◆ **Your objective**:
Only the lines holding the string "ExplorerConfiguration" are needed; copy each of them from the data.

###

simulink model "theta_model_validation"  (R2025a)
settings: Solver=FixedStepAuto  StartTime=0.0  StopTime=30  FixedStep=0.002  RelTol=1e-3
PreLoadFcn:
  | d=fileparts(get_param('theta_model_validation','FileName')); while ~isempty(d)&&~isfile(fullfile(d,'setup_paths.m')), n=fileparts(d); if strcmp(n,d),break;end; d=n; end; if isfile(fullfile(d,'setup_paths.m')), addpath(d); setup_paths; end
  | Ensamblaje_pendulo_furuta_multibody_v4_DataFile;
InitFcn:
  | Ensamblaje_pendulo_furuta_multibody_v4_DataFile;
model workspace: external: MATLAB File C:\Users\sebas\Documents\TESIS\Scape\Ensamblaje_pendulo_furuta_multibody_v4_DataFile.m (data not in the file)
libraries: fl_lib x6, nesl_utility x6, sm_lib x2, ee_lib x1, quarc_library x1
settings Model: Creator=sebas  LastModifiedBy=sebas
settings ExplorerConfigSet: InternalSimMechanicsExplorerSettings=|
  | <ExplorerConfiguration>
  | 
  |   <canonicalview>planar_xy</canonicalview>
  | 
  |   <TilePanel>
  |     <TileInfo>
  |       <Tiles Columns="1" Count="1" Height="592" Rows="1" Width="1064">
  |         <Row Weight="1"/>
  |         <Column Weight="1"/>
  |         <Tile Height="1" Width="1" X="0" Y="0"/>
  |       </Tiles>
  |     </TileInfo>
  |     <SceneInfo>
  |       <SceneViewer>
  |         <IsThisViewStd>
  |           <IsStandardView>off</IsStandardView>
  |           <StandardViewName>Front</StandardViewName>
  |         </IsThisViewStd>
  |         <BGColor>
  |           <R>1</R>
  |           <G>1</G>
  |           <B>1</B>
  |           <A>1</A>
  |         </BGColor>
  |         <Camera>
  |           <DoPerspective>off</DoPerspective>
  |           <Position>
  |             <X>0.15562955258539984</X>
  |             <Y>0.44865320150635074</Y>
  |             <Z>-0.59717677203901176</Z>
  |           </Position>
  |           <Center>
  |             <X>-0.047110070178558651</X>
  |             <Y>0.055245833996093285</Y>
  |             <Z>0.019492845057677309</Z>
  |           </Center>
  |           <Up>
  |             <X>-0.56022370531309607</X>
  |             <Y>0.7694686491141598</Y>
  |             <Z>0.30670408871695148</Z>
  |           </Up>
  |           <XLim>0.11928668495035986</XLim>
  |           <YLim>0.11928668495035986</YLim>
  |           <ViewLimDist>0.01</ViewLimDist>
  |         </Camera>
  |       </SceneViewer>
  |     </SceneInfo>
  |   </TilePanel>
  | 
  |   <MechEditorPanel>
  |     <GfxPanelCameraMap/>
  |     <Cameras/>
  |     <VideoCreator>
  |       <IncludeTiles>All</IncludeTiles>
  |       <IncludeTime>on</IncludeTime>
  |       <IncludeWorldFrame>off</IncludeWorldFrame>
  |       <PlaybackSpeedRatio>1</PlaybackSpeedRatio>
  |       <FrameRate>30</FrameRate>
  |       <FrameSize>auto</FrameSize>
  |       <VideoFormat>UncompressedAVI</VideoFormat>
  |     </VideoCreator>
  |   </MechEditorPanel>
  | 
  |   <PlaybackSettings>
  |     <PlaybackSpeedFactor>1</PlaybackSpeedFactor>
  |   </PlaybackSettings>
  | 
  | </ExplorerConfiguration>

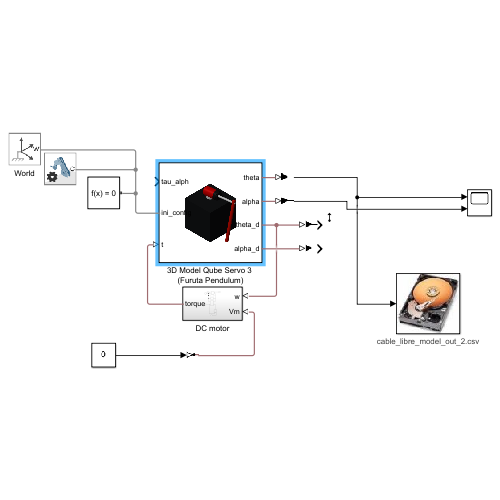
[thumbnail: Simulink's stored preview of the top-level diagram]
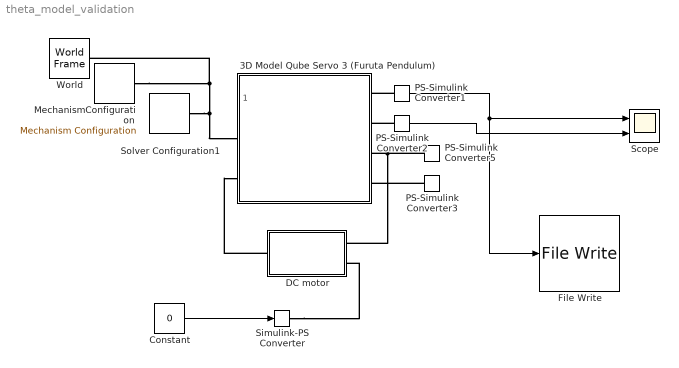
== system theta_model_validation ==
  3D Model Qube Servo 3 (Furuta Pendulum) : Subsystem  ReferencedSubsystem=Model3d_Furuta_Pendulum
      settings: PortSchema="{\"entries\":[{\"content\":{\"sides\":[{\"content\":{\"connectorIds\":[\"In1\",\"LConn1\",\"RConn1\"]},\"type\":\"ConnectorPlacement.EquallySpacedRectSide\",\"uuid\":\"a4687828-c9dc-4620-89f9-70fc520029b1\"},{\"content\":{\"connectorIds\":[\"RConn2\",\"RConn3\",\"RConn4\",\"RConn5\"],\"side\":\"RIGHT\"},\"type\":\"ConnectorPlacement.EquallySpacedRectSide\",\"uuid\":\"21a6a3f8-f9ca-4875-ad02-4f645e066fb2\"},{\"content\":{\"side\":\"TOP\"},\"type\":\"ConnectorPlacement.EquallySpacedRectSide\",\"uuid\":\"b064abef-f9ef-4dd8-a3db-595c6ba7d55c\"}]},\"type\":\"ConnectorPlacement.EquallySpacedConnector\",\"uuid\":\"310dfd22-cc79-4c6a-8ca3-9ebbca52c939\"}],\"packageUris\":[\"http://schema.mathworks.com/mf0/Connector/R2020b\"],\"version\":\"1.0\"}"
  Constant : Constant  Value=0
  DC motor : Subsystem
  File Write : quarc_library/Sinks/To Target/File Write  source=Specify via dialog (do not evaluate)  file_name=cable_libre_model_out_2.csv  variable_name=theta  decimation=1  sample_time=-1  file_format=CSV-file  options=No header or footer  append=off  encoding=Default  bitrate=0
      settings: AttributesFormatString=%<file_name>  SourceProductName=QUARC Targets
  MechanismConfiguration : sm_lib/Utilities/Mechanism Configuration  UniformGravity=Constant  GravityVector=[0 -9.7807 0]  GravityVectorUnits=m/s^2  LinearizationDelta=0.001  JointModeTransitionNonlinearIterations=2
  PS-Simulink Converter{1..3,5} (4 alike) : nesl_utility/PS-Simulink Converter  PhysicalDomain=network_engine_domain  SubClassName=ps_output  LeftPortType=input  RightPortType=output  PseudoPeriodic=off  Frequencies=[]  VectorFormat=inherit  Unit=inherit  AffineConversion=off
  Scope : Scope  NumInputPorts=2
      settings: ActiveDisplayYMinimum=-1.8228145221609748  ActiveDisplayYMaximum=0.69736743149980884  DataLoggingVariableName=ScopeData8
  Simulink-PS Converter : nesl_utility/Simulink-PS Converter  PhysicalDomain=network_engine_domain  SubClassName=ps_input  LeftPortType=input  RightPortType=output  PseudoPeriodic=off  Frequencies=[]  NoiseDistribution=none  NoiseParameters=[]  Unit=1  AffineConversion=off  FilteringAndDerivatives=filter  SimscapeFilterOrder=1  InputFilterTimeConstant=0.001  UdotUserProvided=0
  Solver Configuration1 : nesl_utility/Solver Configuration  PhysicalDomain=network_engine_domain  SubClassName=solver  LeftPortType=input  RightPortType=generic  Tones=[]  Harmonics=[]  SimulateNoise=off  Profile=off  UseLocalSampling=off  EnableSwitchedLinearOptims=on  FrequencyDomain=off  UseCCode=off  RelTol=0.001  AbsTol=0.001  MinStep=1e-09  ToWorkspace=off  RevertToSquareIcSolve=off  NumHomotopyIterations=100  PhasorMode=off  PhasorModeNumHarmonics=1  ConsistencySolver=NEWTON_XTOL_AFTER_FTOL  IndexReductionMethod=DerivativeReplacement  DoDC=off  ResidualTolerance=1e-09  ConsistencyTolSource=GLOBAL  ConsistencyAbsTol=0.001  ConsistencyRelTol=0.001  ConsistencyTolFactor=1e-9  UseLocalSolver=off  LocalSolverChoice=NE_BACKWARD_EULER_ADVANCER  ResolveIndetEquations=on  FunctionEvalNumThread=1  LocalSolverSampleTime=0.002  DoFixedCost=on  MaxNonlinIter=5  MaxModeIter=2  ComputeImpulses=on  ImpulseIterations=2  LinearAlgebra=auto  LinearAlgebraNumThread=0  EquationFormulation=NE_TIME_EF  DelaysMemoryBudget=1024  AutomaticFiltering=on  FilteringTimeConstant=0.001  PartitionStorageMethod=AS_NEEDED  PartitionMemoryBudget=1024  PartitionMethod=ROBUST  MultibodyUseLocalSolver=off  MultibodyLocalSolverChoice=ODE1  MultibodyLocalSolverSampleTime=0.002
  World : sm_lib/Frames and Transforms/World Frame
  wires:
  PS-Simulink Converter2/1 -> Scope/2
  PS-Simulink Converter1/1 -> File Write/1, Scope/1
  Constant/1 -> Simulink-PS Converter/1
  connections:
  MechanismConfiguration/RConn1 -- Solver Configuration1/RConn1 -- 3D Model Qube Servo 3 (Furuta Pendulum)/LConn1 -- World/RConn1
  PS-Simulink Converter1/LConn1 -- 3D Model Qube Servo 3 (Furuta Pendulum)/RConn2
  PS-Simulink Converter2/LConn1 -- 3D Model Qube Servo 3 (Furuta Pendulum)/RConn3
  DC motor/LConn1 -- 3D Model Qube Servo 3 (Furuta Pendulum)/RConn1
  Simulink-PS Converter/RConn1 -- DC motor/RConn2
  PS-Simulink Converter3/LConn1 -- 3D Model Qube Servo 3 (Furuta Pendulum)/RConn5
  PS-Simulink Converter5/LConn1 -- DC motor/RConn1 -- 3D Model Qube Servo 3 (Furuta Pendulum)/RConn4

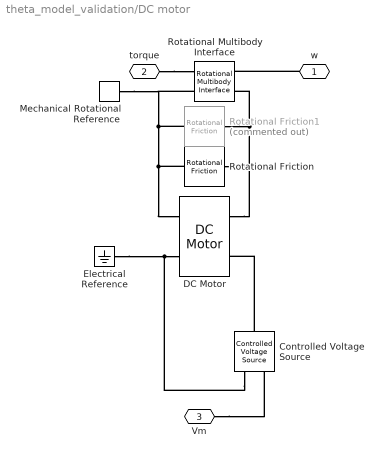
== system theta_model_validation/DC motor ==
  Controlled Voltage Source : fl_lib/Electrical/Electrical Sources/Controlled Voltage Source
  DC Motor : ee_lib/Electromechanical/Brushed Motors/DC Motor  field_option=ee.enum.field_option.pm  Rf=100 Ohm  Lf=1 H  Laf=0.15 H  If0=0 A  parameterization=ee.enum.dcparam_option.circuit_param  Ra=7.5 Ohm  La=1.15e-3 H  emf_or_torque=ee.enum.emf_or_torque.kv  Kv=0.0422 V*s/rad  Ki=0.0422 N*m/A  T_stall=0.24e-3 N*m  w_max=5400 rpm  w_rated=4579 rpm  P_rated=9.8 W  V_rated=24 V  lam_param=ee.enum.lam_param.damping  i_noload=16 mA  V_i_noload=24 V  J=1.4e-6 kg*m^2  lam=4.8390e-6 N*m*s/rad  speed0=0 rpm  alpha=3.93e-3 1/K  Tmeas=25 degC  thermal_mass=100 J/K  initial_temperature=25 degC
  Electrical Reference : fl_lib/Electrical/Electrical Elements/Electrical Reference
  Mechanical Rotational Reference : fl_lib/Mechanical/Rotational Elements/Mechanical Rotational Reference
  Rotational Friction : fl_lib/Mechanical/Rotational Elements/Rotational Friction  brkwy_trq=0*2.910555e-05+1*4.081637e-05 N*m  brkwy_vel=1.082312e-02 rad/s  Col_trq=2.910555e-05 N*m  visc_coef=0 N*m*s/rad  w_specify=off  w_priority=None  w=0 rad/s  w_nominal_specify=off  w_nominal_value=1  w_nominal_unit=rad/s  t_specify=off  t_priority=None  t=0 N*m  t_nominal_specify=off  t_nominal_value=1  t_nominal_unit=N*m
  Rotational Friction1 : fl_lib/Mechanical/Rotational Elements/Rotational Friction  Commented=on  brkwy_trq=7.066e-04 N*m  brkwy_vel=0.1 rad/s  Col_trq=7.066e-09 N*m  visc_coef=0 N*m*s/rad  w_specify=off  w_priority=None  w=0 rad/s  w_nominal_specify=off  w_nominal_value=1  w_nominal_unit=rad/s  t_specify=off  t_priority=None  t=0 N*m  t_nominal_specify=off  t_nominal_value=1  t_nominal_unit=N*m
  Rotational Multibody Interface : fl_lib/Mechanical/Multibody Interfaces/Rotational Multibody Interface
  w : PMIOPort  Side=Right
  torque : PMIOPort  Port=2  Side=Left
  Vm : PMIOPort  Port=3  Side=Right
  connections:
  Rotational Friction/LConn1 -- DC Motor/LConn2 -- Rotational Friction1/LConn1 -- Rotational Multibody Interface/RConn2
  torque/RConn1 -- Rotational Multibody Interface/LConn1
  Rotational Friction/RConn1 -- Rotational Friction1/RConn1 -- Rotational Multibody Interface/LConn2 -- Mechanical Rotational Reference/LConn1 -- DC Motor/RConn2
  Vm/RConn1 -- Controlled Voltage Source/RConn1
  w/RConn1 -- Rotational Multibody Interface/RConn1
  DC Motor/RConn1 -- Electrical Reference/LConn1 -- Controlled Voltage Source/RConn2
  Controlled Voltage Source/LConn1 -- DC Motor/LConn1

###

◆ **Expected output**:
  | <ExplorerConfiguration>
  | </ExplorerConfiguration>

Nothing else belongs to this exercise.